I am reading Roger Penrose's road to reality. On page 209 ,210 he introduces the idea of Clifford algebra and how we can get back quarternion algebra by consideration of the 'second order' quantities in it. Right after that, something called Grassmann algebra is introduced in the following way:
Finally, let me turn to Grassmann algebra. From the point of view of the above discussion, we may think of Grassmann algebra as a kind of degenrate case of Clifford algebra, where we have basic anticommuting generating elements $\eta_1, \eta_2, \eta_3...,\eta_n$ similar to $ \gamma_1, \gamma_2...,\gamma_n$ of the Clifford algebra, where each $\eta_s$ squares to zero, rather than to the $-1$ we have in the Clifford case
The anticommutation law $\eta_p \eta_q = - \eta_q \eta_p$ holds as before , except that the Grassmann algebra is now more 'systematic' than the Clifford algebra, because we do not have to specify '$p \neq q$ in this equation.

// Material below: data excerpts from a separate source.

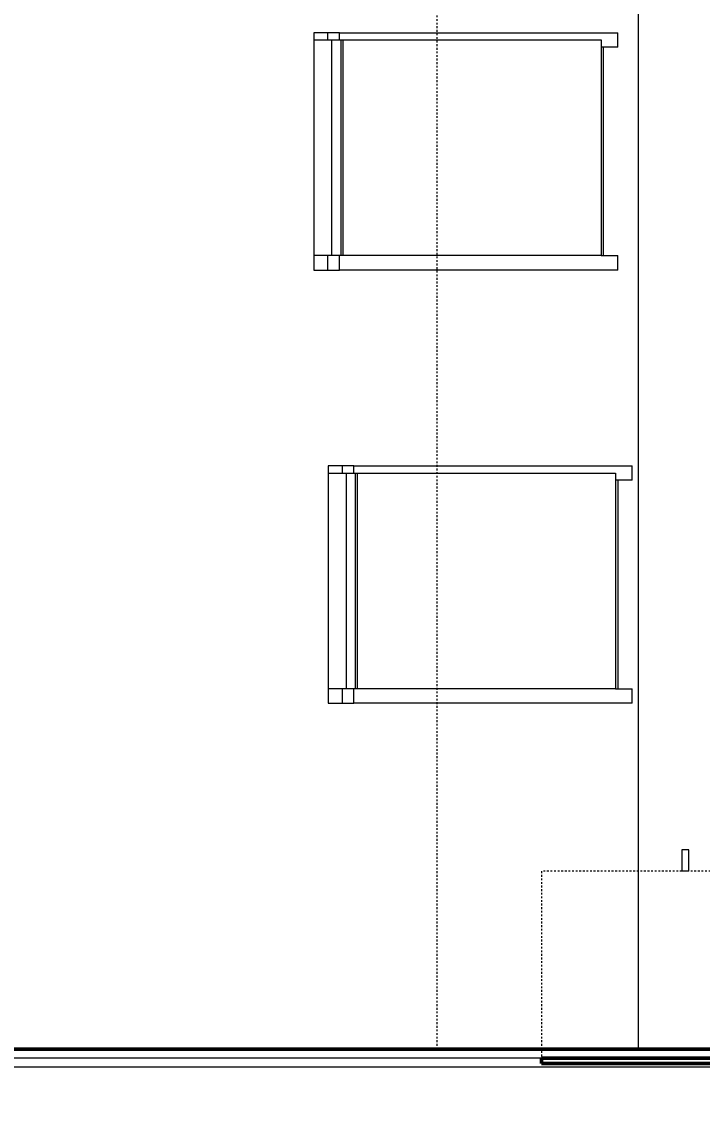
# Model space of a CAD drawing. Header units: inches. Extents: x -4266 to -1814, y 9706 to 12441.
# Drawn here: x -3651.2 to -3603.9, y 10550.8 to 10625.9 of the extents above; entities that cross this region are included whole.
import ezdxf

# ---------------------------------------------------------------- set-up
doc = ezdxf.new("R2010")
doc.units = ezdxf.units.IN
doc.header["$MEASUREMENT"] = 0
doc.linetypes.add('Dash', pattern=[0.25, 0.125, -0.125])
for name, color, linetype, lineweight in [('A-ANNO-DIMS', 211, 'Continuous', 9), ('A-ANNO-DIMS-96', 211, 'Continuous', 9), ('A-WALL', 113, 'Continuous', 13), ('A-WALL-3', 250, 'Continuous', 50), ('A-WALL-4', 10, 'Continuous', 13), ('I-FURN-1', 7, 'Continuous', 9), ('I-WALL-3', 2, 'Continuous', 50), ('Q-CASE-2', 7, 'Continuous', 9), ('Q-CASE-4', 7, 'Dash', 9), ('Q-CASE-HDLN-1', 7, 'Dash', 9)]:
    doc.layers.add(name, color=color, linetype=linetype, lineweight=lineweight)
doc.styles.add('Century Gothic', font='ufonts.com_century-gothic.ttf', dxfattribs={"height": 9})
doc.dimstyles.new('OD__1_16__Tol__', dxfattribs={"dimscale": 12, "dimtxt": 9.397514, "dimasz": 1, "dimexe": 0.75, "dimexo": 0.5, "dimgap": 0.125, "dimtad": 1, "dimdec": 4, "dimrnd": 0.0625, "dimzin": 3, "dimdsep": 46, "dimlunit": 4, "dimtxsty": 'Century Gothic', "dimblk1": 'OBLIQUE', "dimblk2": 'OBLIQUE', "dimsah": 1, "dimcen": 0.09, "dimdle": 0.75, "dimazin": 0, "dimtfac": 1, "dimtdec": 4, "dimtix": 1, "dimtmove": 0, "dimatfit": 3, "dimfxl": 1, "dimtvp": 1, "dimtfill": 1, "dimfrac": 2, "dimtolj": 1, "dimtzin": 0, "dimarcsym": 2})

# ---------------------------------------------------------------- blocks, each defined once
blk = doc.blocks.new('DIMBLOCK6-FLOOR PLAN - 1ST FLOOR')
at = {"layer": 'A-ANNO-DIMS-96'}
for p, q in [((-3829.324, 11540.989), (-3829.324, 10271.308)), ((-3829.324, 10280.308), (-3829.324, 11540.989)), ((-3338.724, 10282.793), (-3338.724, 10271.308)), ((-3338.724, 10280.308), (-3338.724, 10282.793)), ((-3838.324, 10280.308), (-3338.724, 10280.308))]:
    blk.add_line(p, q, dxfattribs=at)
at = {"layer": 'A-ANNO-DIMS-96', "lineweight": 50}
for p, q in [((-3829.324, 10280.308), (-3823.324, 10286.308)), ((-3338.724, 10280.308), (-3332.724, 10286.308)), ((-3829.324, 10280.308), (-3835.324, 10274.308)), ((-3338.724, 10280.308), (-3344.724, 10274.308))]:
    blk.add_line(p, q, dxfattribs=at)
at = {"layer": 'A-ANNO-DIMS-96', "color": 0, "char_height": 9, "attachment_point": 1, "line_spacing_factor": 0.984502, "style": 'Century Gothic', "bg_fill": 3, "box_fill_scale": 1.25, "bg_fill_color": 256, "bg_fill_true_color": 13158600, "bg_fill_transparency": 0}
for s, insert, width in [('40\' - 10 5/8"', (-3618.258, 10293.343), 82.16113), ('490.6', (-3599.761, 10275.576), 37.76906)]:
    blk.add_mtext(s, dxfattribs=dict(at, insert=insert, width=width))
blk = doc.blocks.new('_Oblique')
at = {"color": 0, "linetype": 'ByBlock', "lineweight": -2}
blk.add_line((-0.5, -0.5), (0.5, 0.5), dxfattribs=at)

msp = doc.modelspace()

# ---------------------------------------------------------------- linework, layer by layer
at = {"layer": 'A-WALL'}
for p, q in [((-3567.18063, 10553.8144), (-3733.62067, 10553.8144)), ((-3486.67374, 10553.1894), (-3822.72374, 10553.1894))]:
    msp.add_line(p, q, dxfattribs=at)
at = {"layer": 'I-WALL-3'}
msp.add_line((-3567.18063, 10554.4394), (-3733.62067, 10554.4394), dxfattribs=at)

# ---------------------------------------------------------------- next in the draw order: dimensions: what is measured, and where the dimension line sits
at = {"layer": 'A-ANNO-DIMS'}
dim = msp.add_linear_dim(base=(-3338.72374, 10280.30762), p1=(-3829.32374, 11546.9894), p2=(-3338.72374, 10288.7929), dimstyle='OD__1_16__Tol__', override={"dimpost": '<>\\X', "dimfxl": 1350.461691}, dxfattribs=at)
dim.commit()
dim.dimension.update_dxf_attribs({"geometry": 'DIMBLOCK6-FLOOR PLAN - 1ST FLOOR', "text_midpoint": (-3584.02374, 10280.30762)})

# ---------------------------------------------------------------- next in the draw order: linework, layer by layer
at = {"layer": 'A-WALL-3'}
for p, q in [((-3567.18063, 10553.8144), (-3615.04982, 10553.8144)), ((-3615.04982, 10553.8144), (-3615.04982, 10553.4394)), ((-3615.04982, 10553.4394), (-3567.18063, 10553.4394))]:
    msp.add_line(p, q, dxfattribs=at)
at = {"layer": 'A-WALL-4'}
msp.add_line((-3608.29874, 10554.4394), (-3608.29874, 10658.82275), dxfattribs=at)
at = {"layer": 'I-FURN-1'}
for p, q in [((-3629.90341, 10625.11953), (-3630.88822, 10625.11953)), ((-3630.88822, 10625.11953), (-3630.88822, 10624.61953)), ((-3629.90341, 10624.61953), (-3629.90341, 10625.11953)), ((-3629.10803, 10625.11953), (-3629.90341, 10625.11953)), ((-3629.10803, 10624.61953), (-3629.10803, 10625.11953)), ((-3629.10803, 10625.11953), (-3613.17031, 10625.11953)), ((-3613.17031, 10625.11953), (-3611.67406, 10625.11953)), ((-3611.67406, 10625.11953), (-3609.75531, 10625.11953)), ((-3609.75531, 10624.11953), (-3609.75531, 10625.11953)), ((-3630.88822, 10624.61953), (-3629.64718, 10624.61953)), ((-3630.88822, 10624.61953), (-3630.88822, 10609.61953)), ((-3629.64718, 10624.61953), (-3628.98233, 10624.61953)), ((-3629.64718, 10624.61953), (-3629.64718, 10609.61953)), ((-3628.98233, 10609.61953), (-3628.98233, 10624.61953)), ((-3628.98233, 10624.61953), (-3628.8538, 10624.61953)), ((-3628.8538, 10624.61953), (-3613.25449, 10624.61953)), ((-3628.8538, 10609.61953), (-3628.8538, 10624.61953)), ((-3613.25449, 10624.61953), (-3611.00182, 10624.61953)), ((-3611.00182, 10624.61953), (-3610.90186, 10624.61953)), ((-3610.88924, 10609.61953), (-3610.88924, 10624.61953)), ((-3610.83151, 10624.11953), (-3610.9052, 10624.11953)), ((-3610.75281, 10624.11953), (-3610.83151, 10624.11953)), ((-3609.75531, 10624.11953), (-3610.75281, 10624.11953)), ((-3610.75281, 10624.11953), (-3610.75281, 10609.61953)), ((-3629.64718, 10609.61953), (-3630.88822, 10609.61953)), ((-3630.88822, 10609.61953), (-3630.88822, 10608.61953)), ((-3629.90341, 10608.61953), (-3629.90341, 10609.61953)), ((-3628.98233, 10609.61953), (-3629.64718, 10609.61953)), ((-3629.10803, 10608.61953), (-3629.10803, 10609.61953)), ((-3628.8538, 10609.61953), (-3628.98233, 10609.61953)), ((-3613.25449, 10609.61953), (-3628.8538, 10609.61953)), ((-3611.00182, 10609.61953), (-3613.25449, 10609.61953)), ((-3610.90186, 10609.61953), (-3611.00182, 10609.61953)), ((-3610.90186, 10609.61953), (-3610.83151, 10609.61953)), ((-3610.83151, 10609.61953), (-3610.75281, 10609.61953)), ((-3610.75281, 10609.61953), (-3609.75531, 10609.61953)), ((-3609.75531, 10608.61953), (-3609.75531, 10609.61953)), ((-3630.88822, 10608.61953), (-3629.90341, 10608.61953)), ((-3629.90341, 10608.61953), (-3629.10803, 10608.61953)), ((-3613.17031, 10608.61953), (-3629.10803, 10608.61953)), ((-3611.67406, 10608.61953), (-3613.17031, 10608.61953)), ((-3609.75531, 10608.61953), (-3611.67406, 10608.61953)), ((-3628.90341, 10594.99822), (-3629.88822, 10594.99822)), ((-3629.88822, 10594.99822), (-3629.88822, 10594.49822)), ((-3628.90341, 10594.49822), (-3628.90341, 10594.99822)), ((-3628.10803, 10594.99822), (-3628.90341, 10594.99822)), ((-3628.10803, 10594.49822), (-3628.10803, 10594.99822)), ((-3628.10803, 10594.99822), (-3612.17031, 10594.99822)), ((-3612.17031, 10594.99822), (-3610.67406, 10594.99822)), ((-3610.67406, 10594.99822), (-3608.75531, 10594.99822)), ((-3608.75531, 10593.99822), (-3608.75531, 10594.99822)), ((-3629.88822, 10594.49822), (-3628.64718, 10594.49822)), ((-3629.88822, 10594.49822), (-3629.88822, 10579.49822)), ((-3628.64718, 10594.49822), (-3627.98233, 10594.49822)), ((-3628.64718, 10594.49822), (-3628.64718, 10579.49822)), ((-3627.98233, 10579.49822), (-3627.98233, 10594.49822)), ((-3627.98233, 10594.49822), (-3627.8538, 10594.49822)), ((-3627.8538, 10594.49822), (-3612.25449, 10594.49822)), ((-3627.8538, 10579.49822), (-3627.8538, 10594.49822)), ((-3612.25449, 10594.49822), (-3610.00182, 10594.49822)), ((-3610.00182, 10594.49822), (-3609.90186, 10594.49822)), ((-3609.88924, 10579.49822), (-3609.88924, 10594.49822)), ((-3609.83151, 10593.99822), (-3609.9052, 10593.99822)), ((-3609.75281, 10593.99822), (-3609.83151, 10593.99822)), ((-3608.75531, 10593.99822), (-3609.75281, 10593.99822)), ((-3609.75281, 10593.99822), (-3609.75281, 10579.49822)), ((-3628.64718, 10579.49822), (-3629.88822, 10579.49822)), ((-3629.88822, 10579.49822), (-3629.88822, 10578.49822)), ((-3628.90341, 10578.49822), (-3628.90341, 10579.49822)), ((-3627.98233, 10579.49822), (-3628.64718, 10579.49822)), ((-3628.10803, 10578.49822), (-3628.10803, 10579.49822)), ((-3627.8538, 10579.49822), (-3627.98233, 10579.49822)), ((-3612.25449, 10579.49822), (-3627.8538, 10579.49822)), ((-3610.00182, 10579.49822), (-3612.25449, 10579.49822)), ((-3609.90186, 10579.49822), (-3610.00182, 10579.49822)), ((-3609.90186, 10579.49822), (-3609.83151, 10579.49822)), ((-3609.83151, 10579.49822), (-3609.75281, 10579.49822)), ((-3609.75281, 10579.49822), (-3608.75531, 10579.49822)), ((-3608.75531, 10578.49822), (-3608.75531, 10579.49822)), ((-3629.88822, 10578.49822), (-3628.90341, 10578.49822)), ((-3628.90341, 10578.49822), (-3628.10803, 10578.49822)), ((-3612.17031, 10578.49822), (-3628.10803, 10578.49822)), ((-3610.67406, 10578.49822), (-3612.17031, 10578.49822)), ((-3608.75531, 10578.49822), (-3610.67406, 10578.49822))]:
    msp.add_line(p, q, dxfattribs=at)
at = {"layer": 'Q-CASE-2'}
for p, q in [((-3604.79982, 10568.31365), (-3605.28826, 10568.31365)), ((-3605.28826, 10568.31365), (-3605.28826, 10566.8144)), ((-3604.79982, 10566.8144), (-3604.79982, 10568.31365)), ((-3604.79982, 10566.8144), (-3605.28826, 10566.8144))]:
    msp.add_line(p, q, dxfattribs=at)
at = {"layer": 'Q-CASE-4'}
for p, q in [((-3615.04982, 10566.8144), (-3615.04982, 10553.8144)), ((-3591.04982, 10566.8144), (-3615.04982, 10566.8144)), ((-3615.04982, 10553.8144), (-3591.04982, 10553.8144))]:
    msp.add_line(p, q, dxfattribs=at)
at = {"layer": 'Q-CASE-HDLN-1'}
msp.add_line((-3622.29874, 10554.4394), (-3622.29874, 10661.44775), dxfattribs=at)

doc.saveas('drawing.dxf')

What are the practical use of such Grassman algebra? At best, I am looking for illustrations where the above algebra laws can be used to solve problems in geometry or physics that the Gibbs school of mathematics (e.g., determinants) cannot or that the Gibbs school solves significantly more contortedly/incompletely.
In comment, some user had explained that it extends cross products and determinants. But, doesn't determinant itself already capture everything you need to capture with the determinant? What is use of another way of describing the same thing?